EXERCISE MATERIAL:

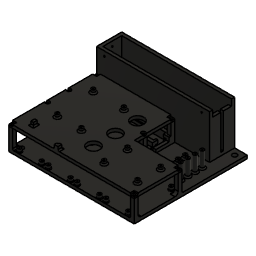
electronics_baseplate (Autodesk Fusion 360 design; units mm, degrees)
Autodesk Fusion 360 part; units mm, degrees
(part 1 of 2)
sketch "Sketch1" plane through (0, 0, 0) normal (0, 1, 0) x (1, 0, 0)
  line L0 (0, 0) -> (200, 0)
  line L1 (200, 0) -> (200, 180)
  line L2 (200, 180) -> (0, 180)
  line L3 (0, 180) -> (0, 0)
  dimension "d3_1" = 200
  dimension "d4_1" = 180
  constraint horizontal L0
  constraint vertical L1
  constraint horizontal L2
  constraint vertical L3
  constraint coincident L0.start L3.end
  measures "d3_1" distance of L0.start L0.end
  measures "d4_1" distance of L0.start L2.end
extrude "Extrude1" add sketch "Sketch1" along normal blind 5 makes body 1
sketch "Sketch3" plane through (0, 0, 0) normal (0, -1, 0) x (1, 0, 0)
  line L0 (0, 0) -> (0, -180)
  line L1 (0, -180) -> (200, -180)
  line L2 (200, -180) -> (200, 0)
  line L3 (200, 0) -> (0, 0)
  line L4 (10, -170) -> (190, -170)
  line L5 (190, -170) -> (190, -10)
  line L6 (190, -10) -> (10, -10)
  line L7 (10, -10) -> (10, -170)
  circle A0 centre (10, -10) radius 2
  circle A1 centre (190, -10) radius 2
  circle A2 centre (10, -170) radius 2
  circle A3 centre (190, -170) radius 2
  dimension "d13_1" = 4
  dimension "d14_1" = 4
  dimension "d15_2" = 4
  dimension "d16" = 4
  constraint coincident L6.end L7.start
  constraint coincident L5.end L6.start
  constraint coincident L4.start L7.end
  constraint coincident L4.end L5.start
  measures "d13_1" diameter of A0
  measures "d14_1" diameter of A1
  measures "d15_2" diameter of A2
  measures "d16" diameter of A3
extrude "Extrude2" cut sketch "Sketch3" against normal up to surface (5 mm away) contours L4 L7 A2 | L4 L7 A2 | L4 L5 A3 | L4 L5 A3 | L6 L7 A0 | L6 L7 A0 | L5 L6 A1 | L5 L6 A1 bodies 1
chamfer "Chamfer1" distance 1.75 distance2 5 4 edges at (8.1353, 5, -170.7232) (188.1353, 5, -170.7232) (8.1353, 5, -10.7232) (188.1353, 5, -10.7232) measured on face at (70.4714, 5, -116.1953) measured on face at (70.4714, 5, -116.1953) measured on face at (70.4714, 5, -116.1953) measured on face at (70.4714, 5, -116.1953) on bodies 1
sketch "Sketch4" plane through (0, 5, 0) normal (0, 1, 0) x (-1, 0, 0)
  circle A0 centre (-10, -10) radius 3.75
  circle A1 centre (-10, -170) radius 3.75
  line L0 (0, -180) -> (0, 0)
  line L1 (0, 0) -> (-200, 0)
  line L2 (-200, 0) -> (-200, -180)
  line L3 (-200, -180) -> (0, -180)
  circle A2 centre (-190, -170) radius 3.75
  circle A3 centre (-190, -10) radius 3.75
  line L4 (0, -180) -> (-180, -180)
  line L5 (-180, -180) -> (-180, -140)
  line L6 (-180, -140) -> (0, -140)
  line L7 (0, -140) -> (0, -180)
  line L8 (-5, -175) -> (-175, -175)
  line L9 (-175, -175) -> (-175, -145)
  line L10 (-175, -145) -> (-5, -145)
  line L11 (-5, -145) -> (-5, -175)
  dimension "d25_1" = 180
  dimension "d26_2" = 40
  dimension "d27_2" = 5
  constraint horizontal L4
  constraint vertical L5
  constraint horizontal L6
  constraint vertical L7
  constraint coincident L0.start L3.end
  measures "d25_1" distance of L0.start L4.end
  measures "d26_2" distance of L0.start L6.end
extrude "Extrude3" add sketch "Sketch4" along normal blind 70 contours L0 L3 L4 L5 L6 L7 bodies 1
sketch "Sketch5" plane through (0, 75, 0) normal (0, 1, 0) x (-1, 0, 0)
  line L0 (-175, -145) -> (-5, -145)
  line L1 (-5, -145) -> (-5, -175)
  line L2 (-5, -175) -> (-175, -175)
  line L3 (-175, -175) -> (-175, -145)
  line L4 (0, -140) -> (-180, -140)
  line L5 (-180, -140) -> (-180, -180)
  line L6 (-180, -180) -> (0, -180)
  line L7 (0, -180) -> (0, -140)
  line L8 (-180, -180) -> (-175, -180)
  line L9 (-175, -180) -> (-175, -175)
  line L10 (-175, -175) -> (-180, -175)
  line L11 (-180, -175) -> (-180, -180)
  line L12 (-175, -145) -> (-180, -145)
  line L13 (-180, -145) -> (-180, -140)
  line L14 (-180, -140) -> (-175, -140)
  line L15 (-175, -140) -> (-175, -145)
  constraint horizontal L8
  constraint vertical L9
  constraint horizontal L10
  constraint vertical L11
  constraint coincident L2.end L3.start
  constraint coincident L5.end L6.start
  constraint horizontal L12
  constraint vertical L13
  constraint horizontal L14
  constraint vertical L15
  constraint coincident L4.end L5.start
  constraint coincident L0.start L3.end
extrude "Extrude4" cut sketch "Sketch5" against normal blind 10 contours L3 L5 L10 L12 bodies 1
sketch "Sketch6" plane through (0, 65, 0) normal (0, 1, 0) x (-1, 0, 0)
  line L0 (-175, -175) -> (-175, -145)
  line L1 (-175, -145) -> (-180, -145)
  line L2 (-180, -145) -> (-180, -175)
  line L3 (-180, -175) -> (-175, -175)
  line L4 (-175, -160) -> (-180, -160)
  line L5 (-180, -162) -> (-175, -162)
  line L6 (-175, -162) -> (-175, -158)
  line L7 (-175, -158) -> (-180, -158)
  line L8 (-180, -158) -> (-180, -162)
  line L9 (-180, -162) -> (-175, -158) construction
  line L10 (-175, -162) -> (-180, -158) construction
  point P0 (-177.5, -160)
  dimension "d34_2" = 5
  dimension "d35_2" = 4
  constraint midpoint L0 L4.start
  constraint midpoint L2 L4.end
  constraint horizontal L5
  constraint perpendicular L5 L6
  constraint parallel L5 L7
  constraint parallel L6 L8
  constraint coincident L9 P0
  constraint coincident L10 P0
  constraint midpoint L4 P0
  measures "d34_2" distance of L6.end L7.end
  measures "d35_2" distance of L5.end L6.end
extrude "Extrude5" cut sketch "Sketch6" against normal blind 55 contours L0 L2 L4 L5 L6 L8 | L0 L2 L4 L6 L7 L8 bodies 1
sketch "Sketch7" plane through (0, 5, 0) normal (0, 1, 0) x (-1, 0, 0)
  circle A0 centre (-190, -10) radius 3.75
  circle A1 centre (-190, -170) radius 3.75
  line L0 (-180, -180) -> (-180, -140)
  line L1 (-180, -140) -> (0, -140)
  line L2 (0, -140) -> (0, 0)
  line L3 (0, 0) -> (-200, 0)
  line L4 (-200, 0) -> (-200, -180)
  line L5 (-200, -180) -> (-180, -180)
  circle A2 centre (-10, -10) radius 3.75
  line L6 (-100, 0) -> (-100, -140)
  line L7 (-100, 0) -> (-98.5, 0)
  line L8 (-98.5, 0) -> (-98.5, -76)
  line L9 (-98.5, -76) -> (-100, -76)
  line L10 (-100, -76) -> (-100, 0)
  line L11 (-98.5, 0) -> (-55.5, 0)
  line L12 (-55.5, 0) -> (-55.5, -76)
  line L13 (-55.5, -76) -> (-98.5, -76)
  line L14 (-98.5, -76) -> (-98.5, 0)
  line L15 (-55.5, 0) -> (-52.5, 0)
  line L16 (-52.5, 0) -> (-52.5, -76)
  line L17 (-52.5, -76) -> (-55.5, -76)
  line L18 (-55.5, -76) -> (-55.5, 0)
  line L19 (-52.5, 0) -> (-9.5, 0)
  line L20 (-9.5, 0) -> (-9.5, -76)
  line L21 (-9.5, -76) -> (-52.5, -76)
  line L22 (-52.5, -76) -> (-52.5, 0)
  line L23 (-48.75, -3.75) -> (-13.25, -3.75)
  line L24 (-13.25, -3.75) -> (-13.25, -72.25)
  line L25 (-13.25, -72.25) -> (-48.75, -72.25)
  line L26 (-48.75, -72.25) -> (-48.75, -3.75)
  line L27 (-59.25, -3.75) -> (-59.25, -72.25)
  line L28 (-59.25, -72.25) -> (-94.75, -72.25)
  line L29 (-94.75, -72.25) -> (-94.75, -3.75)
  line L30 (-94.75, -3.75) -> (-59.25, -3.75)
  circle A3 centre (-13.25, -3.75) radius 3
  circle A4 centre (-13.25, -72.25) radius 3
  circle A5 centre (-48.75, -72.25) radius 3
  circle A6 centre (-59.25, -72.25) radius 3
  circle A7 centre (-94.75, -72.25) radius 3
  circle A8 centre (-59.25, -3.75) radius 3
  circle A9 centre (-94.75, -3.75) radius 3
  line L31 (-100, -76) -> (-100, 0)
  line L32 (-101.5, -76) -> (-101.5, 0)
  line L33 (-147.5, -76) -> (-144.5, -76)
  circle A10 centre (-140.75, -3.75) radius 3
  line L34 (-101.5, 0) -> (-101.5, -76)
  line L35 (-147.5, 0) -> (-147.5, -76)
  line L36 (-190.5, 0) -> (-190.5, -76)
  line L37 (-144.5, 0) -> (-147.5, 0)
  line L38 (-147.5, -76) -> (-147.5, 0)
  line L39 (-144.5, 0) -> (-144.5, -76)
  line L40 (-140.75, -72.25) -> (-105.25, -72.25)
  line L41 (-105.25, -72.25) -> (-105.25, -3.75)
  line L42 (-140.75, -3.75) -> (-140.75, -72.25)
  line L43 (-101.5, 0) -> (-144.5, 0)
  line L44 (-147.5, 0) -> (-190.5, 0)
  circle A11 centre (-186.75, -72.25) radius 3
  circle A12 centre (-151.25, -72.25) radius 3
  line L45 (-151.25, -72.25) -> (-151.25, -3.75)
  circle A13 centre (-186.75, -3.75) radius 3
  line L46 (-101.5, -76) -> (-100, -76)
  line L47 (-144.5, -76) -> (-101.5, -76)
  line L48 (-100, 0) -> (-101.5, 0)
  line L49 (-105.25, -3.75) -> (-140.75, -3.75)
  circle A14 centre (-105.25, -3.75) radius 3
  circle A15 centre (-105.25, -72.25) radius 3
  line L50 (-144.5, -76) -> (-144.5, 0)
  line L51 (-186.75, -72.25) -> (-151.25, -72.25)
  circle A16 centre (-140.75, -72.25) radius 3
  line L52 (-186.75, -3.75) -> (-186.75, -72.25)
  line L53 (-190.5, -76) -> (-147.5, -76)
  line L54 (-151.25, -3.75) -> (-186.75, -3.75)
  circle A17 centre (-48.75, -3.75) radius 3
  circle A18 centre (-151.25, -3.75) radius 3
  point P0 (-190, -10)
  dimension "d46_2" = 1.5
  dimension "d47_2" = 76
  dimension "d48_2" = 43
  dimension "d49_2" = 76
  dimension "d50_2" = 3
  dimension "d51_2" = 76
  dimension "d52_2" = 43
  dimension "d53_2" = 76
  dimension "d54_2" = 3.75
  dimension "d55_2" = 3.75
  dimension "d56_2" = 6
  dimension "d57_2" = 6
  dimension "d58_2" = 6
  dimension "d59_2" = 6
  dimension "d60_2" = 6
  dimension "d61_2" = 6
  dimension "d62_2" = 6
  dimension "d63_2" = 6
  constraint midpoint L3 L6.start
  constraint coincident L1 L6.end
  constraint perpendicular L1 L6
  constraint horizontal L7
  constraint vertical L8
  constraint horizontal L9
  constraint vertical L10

TASK PROMPT: Show a copy of each line from the data that includes the word "vertical".

OUTPUT BELOW:
  constraint vertical L1
  constraint vertical L3
  constraint vertical L5
  constraint vertical L7
  constraint vertical L9
  constraint vertical L11
  constraint vertical L13
  constraint vertical L15
  constraint vertical L8
  constraint vertical L10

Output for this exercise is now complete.